I'm using CoreML to train my own Model for animals. Reading the Apple Docs it says
Use at least 10 images per label for the training set, but more is always better. Also, balance the number of images for each label. For example, don’t use 10 images for Cheetah and 1000 images for Elephant.
I'm using a python script to download up to 1000 images per data set (1000 bears, 1000 cheetahs, 1000 elephants, etc). What I notice is sometimes I get 400 images of one thing, 700 of another, 900 another etc
animals
-bears (402 pics)
-cheetahs (810 pics)
-elephants (420 pics)
-lions (975 pics)
-tigers (620 pics)
-zebras (793)
To download the images via terminal I type in:
// python image_download_python2.py <query> <number of images>
python image_download_python2.py 'elephants' '1000'
Because it returns some data sets with images of 400, others 700, and others with 900 etc would this still be considered "balanced out" or do I need to set a down limit of 500 when I run the python script so that everything hovers around 500 images no matter what?

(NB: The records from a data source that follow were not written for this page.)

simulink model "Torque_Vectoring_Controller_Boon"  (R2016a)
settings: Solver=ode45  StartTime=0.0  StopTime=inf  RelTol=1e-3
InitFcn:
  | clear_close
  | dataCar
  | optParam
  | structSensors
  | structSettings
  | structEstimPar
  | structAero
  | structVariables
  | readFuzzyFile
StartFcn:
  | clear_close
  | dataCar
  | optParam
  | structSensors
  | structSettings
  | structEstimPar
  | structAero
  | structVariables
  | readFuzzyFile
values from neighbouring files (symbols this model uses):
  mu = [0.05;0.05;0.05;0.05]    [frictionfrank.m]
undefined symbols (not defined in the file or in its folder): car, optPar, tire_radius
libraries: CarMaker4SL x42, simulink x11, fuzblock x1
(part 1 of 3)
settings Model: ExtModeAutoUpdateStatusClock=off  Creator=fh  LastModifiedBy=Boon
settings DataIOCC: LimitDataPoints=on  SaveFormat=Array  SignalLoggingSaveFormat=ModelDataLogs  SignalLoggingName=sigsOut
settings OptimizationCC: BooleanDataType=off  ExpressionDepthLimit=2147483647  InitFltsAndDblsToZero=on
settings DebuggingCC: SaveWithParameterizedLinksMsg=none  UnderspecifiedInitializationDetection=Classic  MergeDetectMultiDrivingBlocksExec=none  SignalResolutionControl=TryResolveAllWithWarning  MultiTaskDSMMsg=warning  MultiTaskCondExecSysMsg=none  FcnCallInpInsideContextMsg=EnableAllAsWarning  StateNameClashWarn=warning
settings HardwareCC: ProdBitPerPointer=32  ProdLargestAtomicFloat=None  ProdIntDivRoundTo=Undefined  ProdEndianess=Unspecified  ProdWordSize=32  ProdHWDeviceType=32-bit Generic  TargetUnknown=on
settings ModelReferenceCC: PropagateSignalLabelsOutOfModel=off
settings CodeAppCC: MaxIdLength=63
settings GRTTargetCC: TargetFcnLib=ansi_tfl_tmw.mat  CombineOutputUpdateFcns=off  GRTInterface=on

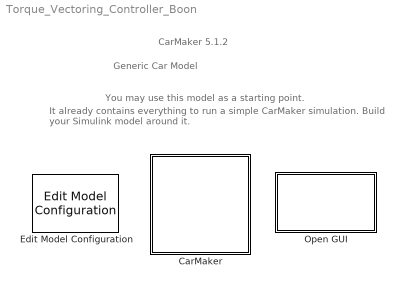
== system Torque_Vectoring_Controller_Boon ==
  note: Generic Car Model
  note: You may use this model as a starting point.
  note: It already contains everything to run a simple CarMaker simulation.
      | Build your Simulink model around it.
  note: CarMaker 5.1.2
  CarMaker : Subsystem  TreatAsAtomicUnit=on
      mask Display: image(imread('CarMaker4SLss.bmp'));
  Edit Model Configuration : CarMaker4SL/Edit Model Configuration
  Open GUI : Subsystem  LoadFcn=if ~length(which('cmcmd')), cmenv; end
      settings: OpenFcn=cmblockmagic('gui_fix_display'); CM_Simulink
      mask Display: image(imread('CarMakerGUI.bmp'));

== system Torque_Vectoring_Controller_Boon/CarMaker ==
  CM_FIRST : Subsystem
  CM_LAST : Subsystem
  Controls : Subsystem
  DrivMan : Subsystem
  Ground : Ground
  IPG Feedback : Subsystem
  IPG Vehicle : Subsystem  TreatAsAtomicUnit=on
  Terminator : Terminator
  Vehicle Sensors : Subsystem
  VehicleControl : Subsystem
  Write CM Dict : CarMaker4SL/Write CM Dict  Commented=on  xname=PT.WFL.Trq_Drive  xsync=off
  Write CM Dict1 : CarMaker4SL/Write CM Dict  Commented=on  xname=PT.WFR.Trq_Drive  xsync=off
  Write CM Dict2 : CarMaker4SL/Write CM Dict  Commented=on  xname=PT.WRL.Trq_Drive  xsync=off
  Write CM Dict3 : CarMaker4SL/Write CM Dict  Commented=on  xname=PT.WRR.Trq_Drive  xsync=off
  wires:
  DrivMan/2(DrivMan.Out) -> VehicleControl/2(DrivMan.In)
  DrivMan/1(Sync_Out) -> VehicleControl/1(Sync_In)
  CM_FIRST/2(Env.Misc) -> DrivMan/2(Env.Misc)
  CM_FIRST/1(Sync_Out) -> DrivMan/1(Sync_In)
  CM_LAST/1(Sync_Out) -> Terminator/1
  IPG Vehicle/1(Sync_Out) -> CM_LAST/1(Sync_In)
  VehicleControl/1(Sync_Out) -> IPG Vehicle/1(Sync_In)
  VehicleControl/3(VhclCtrl.Steering) -> IPG Vehicle/3(VhclCtrl.Steering)
  VehicleControl/4(Vhcl.Wheel.In) -> IPG Vehicle/4(Vhcl.Wheel.In)
  VehicleControl/5(Vhcl.Misc) -> IPG Vehicle/5(Vhcl.Misc)
  VehicleControl/6(VhclCtrl.Brake) -> IPG Vehicle/6(VhclCtrl.Brake)
  VehicleControl/7(VhclCtrl.PT) -> IPG Vehicle/7(VhclCtrl.PT)
  VehicleControl/2(Vhcl.Model.Source) -> IPG Vehicle/2(Vhcl.Model.Source)
  Ground/1 -> CM_FIRST/1(Sync_In)
  Vehicle Sensors/1(" Sensor Bus") -> Controls/1(Sensor Bus)
  Controls/1(Torque Bus) -> IPG Feedback/1(Torques)
  Vehicle Sensors/2(wheelspeeds) -> IPG Feedback/2(Wheelspeeds)

== system Torque_Vectoring_Controller_Boon/Open GUI ==
  S-Function : S-Function  FunctionName=cm_gui  SFunctionDeploymentMode=off  EnableBusSupport=off

== system Torque_Vectoring_Controller_Boon/CarMaker/CM_FIRST ==
  Sync_In : Inport
  Bus Creator1 : BusCreator  Inputs=9
  Demux : Demux  Outputs=9
  Environment : S-Function  FunctionName=CM_Sfun  Parameters='Environment'  SFunctionDeploymentMode=off  EnableBusSupport=off
  IoIn : S-Function  FunctionName=CM_Sfun  Parameters='IoIn'  SFunctionDeploymentMode=off  EnableBusSupport=off
  Sync_Out : Outport
  Env.Misc : Outport  Port=2
  wires:
  Bus Creator1/1 -> Env.Misc/1
  Environment/2 -> Demux/1
  Demux/4 -> Bus Creator1/4  "Env AirHumidity"
  Demux/3 -> Bus Creator1/3  "Env AirPressure"
  Demux/2 -> Bus Creator1/2  "Env AirDensity"
  Demux/1 -> Bus Creator1/1  "Env Temperature"
  Environment/1 -> Sync_Out/1
  IoIn/1 -> Environment/1
  Sync_In/1 -> IoIn/1
  Demux/5 -> Bus Creator1/5  "Env Time"
  Demux/6 -> Bus Creator1/6  "Env SolarRadiation"
  Demux/7 -> Bus Creator1/7  "Env WindVel_tot x"
  Demux/8 -> Bus Creator1/8  "Env WindVel_tot y"
  Demux/9 -> Bus Creator1/9  "Env WindVel_tot z"

== system Torque_Vectoring_Controller_Boon/CarMaker/CM_LAST ==
  Sync_In : Inport
  CM_User : S-Function  FunctionName=CM_Sfun  Parameters='CM_User'  SFunctionDeploymentMode=off  EnableBusSupport=off
  IoOut : S-Function  FunctionName=CM_Sfun  Parameters='IoOut'  SFunctionDeploymentMode=off  EnableBusSupport=off
  Sync_Out : Outport
  wires:
  IoOut/1 -> Sync_Out/1
  CM_User/1 -> IoOut/1
  Sync_In/1 -> CM_User/1

== system Torque_Vectoring_Controller_Boon/CarMaker/Controls ==
  Sensor Bus : Inport
  Control Systems : Subsystem
  Controller Settings : Subsystem
  Vehicle Estimated Parameters : Subsystem
  Torque Bus : Outport
  wires:
  Control Systems/1(Torques) -> Torque Bus/1
  Sensor Bus/1 -> Controller Settings/1(Sensor Bus), Control Systems/1(Sensor Bus), Vehicle Estimated Parameters/1(Sensor Bus)
  [Settings] -> Vehicle Estimated Parameters/2(Settings)
  Vehicle Estimated Parameters/1(" estimParBus") -> Control Systems/4(estimParBus)
  Controller Settings/1(Settings) -> [Settings]
  [Settings] -> Control Systems/2(Settings)
  Controller Settings/2(Variables) -> [Variables]
  [Variables] -> Control Systems/3("Variables ")

== system Torque_Vectoring_Controller_Boon/CarMaker/DrivMan ==
  note: There's rarely a reason to override DrivMan signals.
      | Use the VehicleControl interface for this purpose.
  Sync_In : Inport
  Env.Misc : Inport  Port=2
  BusCreator : BusCreator  Inputs=17
  Demux : Demux  Outputs=17
  DrivMan : S-Function  FunctionName=CM_Sfun  Parameters='DrivMan'  SFunctionDeploymentMode=off  EnableBusSupport=off
  Sync_Out : Outport
  DrivMan.Out : Outport  Port=2
  wires:
  Demux/17 -> BusCreator/17  "DrivMan Steering Trq"
  Demux/16 -> BusCreator/16  "DrivMan Steering AngAcc"
  Demux/15 -> BusCreator/15  "DrivMan Steering AngVel"
  Demux/14 -> BusCreator/14  "DrivMan Steering Ang"
  Demux/13 -> BusCreator/13  "DrivMan Gas"
  Demux/12 -> BusCreator/12  "DrivMan Clutch"
  Demux/11 -> BusCreator/11  "DrivMan BrakePark"
  Demux/10 -> BusCreator/10  "DrivMan Brake"
  Demux/9 -> BusCreator/9  "DrivMan GearNo"
  Demux/8 -> BusCreator/8  "DrivMan SelectorCtrl"
  Demux/7 -> BusCreator/7  "DrivMan UserSignal4"
  Demux/6 -> BusCreator/6  "DrivMan UserSignal3"
  Demux/5 -> BusCreator/5  "DrivMan UserSignal2"
  Demux/4 -> BusCreator/4  "DrivMan UserSignal1"
  Demux/3 -> BusCreator/3  "DrivMan UserSignal0"
  Demux/2 -> BusCreator/2  "DrivMan Key"
  Demux/1 -> BusCreator/1  "DrivMan SST"
  Env.Misc/1 -> DrivMan/2
  Sync_In/1 -> DrivMan/1
  DrivMan/1 -> Sync_Out/1
  BusCreator/1 -> DrivMan.Out/1
  DrivMan/2 -> Demux/1

== system Torque_Vectoring_Controller_Boon/CarMaker/IPG Feedback ==
  Torques : Inport
  Wheelspeeds : Inport  Port=2
  Constant : Constant  Value=1200  VectorParams1D=off  SampleTime=-1
  Demux : Demux
  Subsystem : Subsystem
  wires:
  Demux/3 -> Subsystem/3(Torque_MotRL)
  Torques/1 -> Demux/1
  Constant/1 -> Subsystem/8(WheelspeedLimitRR_RPM), Subsystem/7(WheelspeedLimitRL_RPM), Subsystem/6(WheelspeedLimitFR_RPM), Subsystem/5(WheelspeedLimitFL_RPM)
  Demux/2 -> Subsystem/2(Torque_MotFR)
  Wheelspeeds/1 -> Subsystem/9(SensorBus)
  Demux/1 -> Subsystem/1(Torque_MotFL)
  Demux/4 -> Subsystem/4(Torque_MotRR)

== system Torque_Vectoring_Controller_Boon/CarMaker/IPG Vehicle ==
  Sync_In : Inport
  Vhcl.Model.Source : Inport  Port=2
  VhclCtrl.Steering : Inport  Port=3
  Vhcl.Wheel.In : Inport  Port=4
  Vhcl.Misc : Inport  Port=5
  VhclCtrl.Brake : Inport  Port=6
  VhclCtrl.PT : Inport  Port=7
  Brake : Subsystem
  CarAndTrailer : Subsystem
  PowerTrain : Subsystem
  Stop Simulation : Stop
  VehicleSource_BuiltIn : simulink/Logic and Bit Operations/Compare To Constant  relop=~=  const=1  OutDataTypeStr=boolean  ZeroCross=off
  Sync_Out : Outport
  wires:
  VhclCtrl.PT/1 -> PowerTrain/3(VhclCtrl.PT)
  Brake/1(Sync_Out) -> PowerTrain/1(Sync_In)
  CarAndTrailer/1(Sync_Out) -> Brake/1(Sync_In)
  CarAndTrailer/2(Brake.IF.In) -> Brake/2(Brake.IF.In)
  VhclCtrl.Brake/1 -> Brake/3(VhclCtrl.Brake)
  PowerTrain/1(Sync_Out) -> Sync_Out/1
  Vhcl.Misc/1 -> CarAndTrailer/4(Vhcl.Misc)
  Vhcl.Wheel.In/1 -> CarAndTrailer/3(Vhcl.Wheel.In)
  VhclCtrl.Steering/1 -> CarAndTrailer/2(VhclCtrl.Steering)
  Sync_In/1 -> CarAndTrailer/1(Sync_In)
  Vhcl.Model.Source/1 -> VehicleSource_BuiltIn/1
  VehicleSource_BuiltIn/1 -> Stop Simulation/1
  Brake/2(Vhcl.Wheel.PT) -> PowerTrain/2(Vhcl.Wheel.PT)

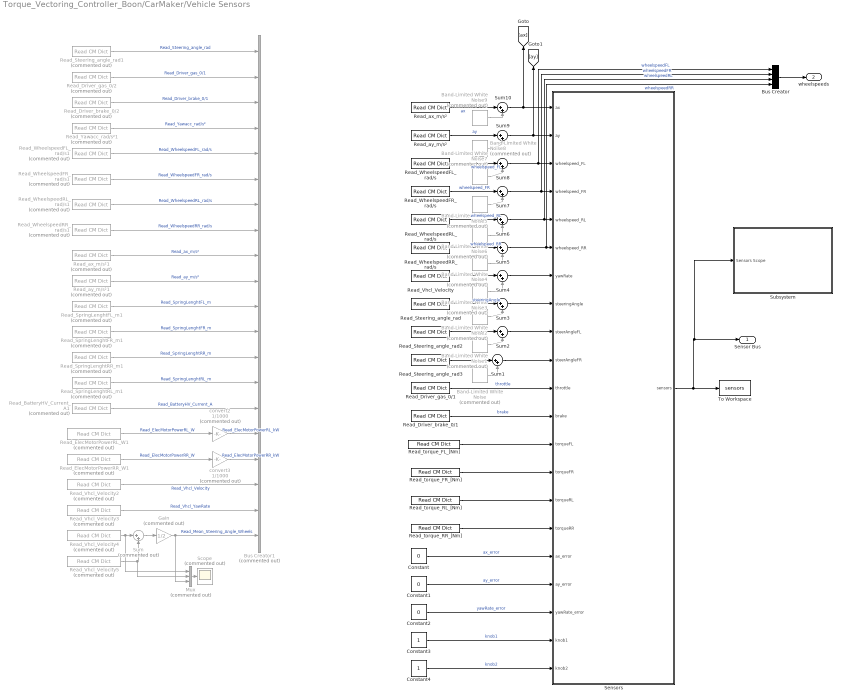
== system Torque_Vectoring_Controller_Boon/CarMaker/Vehicle Sensors ==
  Band-Limited White Noise{,1..9} (10 alike) : simulink/Sources/Band-Limited White Noise  Commented=on  Cov=[0.00000001]  Ts=car.dt  seed=[23341]
  Bus Creator : BusCreator  Inputs=4
  Bus Creator1 : BusCreator  Commented=on  Inputs=20
  Constant : Constant  Value=0
  Constant1 : Constant  Value=0
  Constant2 : Constant  Value=0
  Constant3 : Constant
  Constant4 : Constant
  Gain : Gain  Commented=on  Gain=1/2
  Mux : Mux  Commented=on  Inputs=3
  Read_BatteryHV_Current_A1 : CarMaker4SL/Read CM Dict  Commented=on  xname=PT.BattHV.Current  xsync=off
  Read_Driver_brake_0/1 : CarMaker4SL/Read CM Dict  xname=DM.Brake  xsync=off
  Read_Driver_brake_0/2 : CarMaker4SL/Read CM Dict  Commented=on  xname=DM.Brake  xsync=off
  Read_Driver_gas_0/1 : CarMaker4SL/Read CM Dict  xname=DM.Gas  xsync=off
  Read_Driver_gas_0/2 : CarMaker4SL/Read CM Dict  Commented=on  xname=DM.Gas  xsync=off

python image_download_python2.py 'elephants' '500'
I'm pretty much sure I'll always get at least 400 images.
Keep in mind the docs says more images is always better
Use at least 10 images per label for the training set, but more is always better.
On a side note, what happens to the CoreML model while training when the data sets aren't balanced out like in Apple's example of 10 cheetahs and 1000 elephants?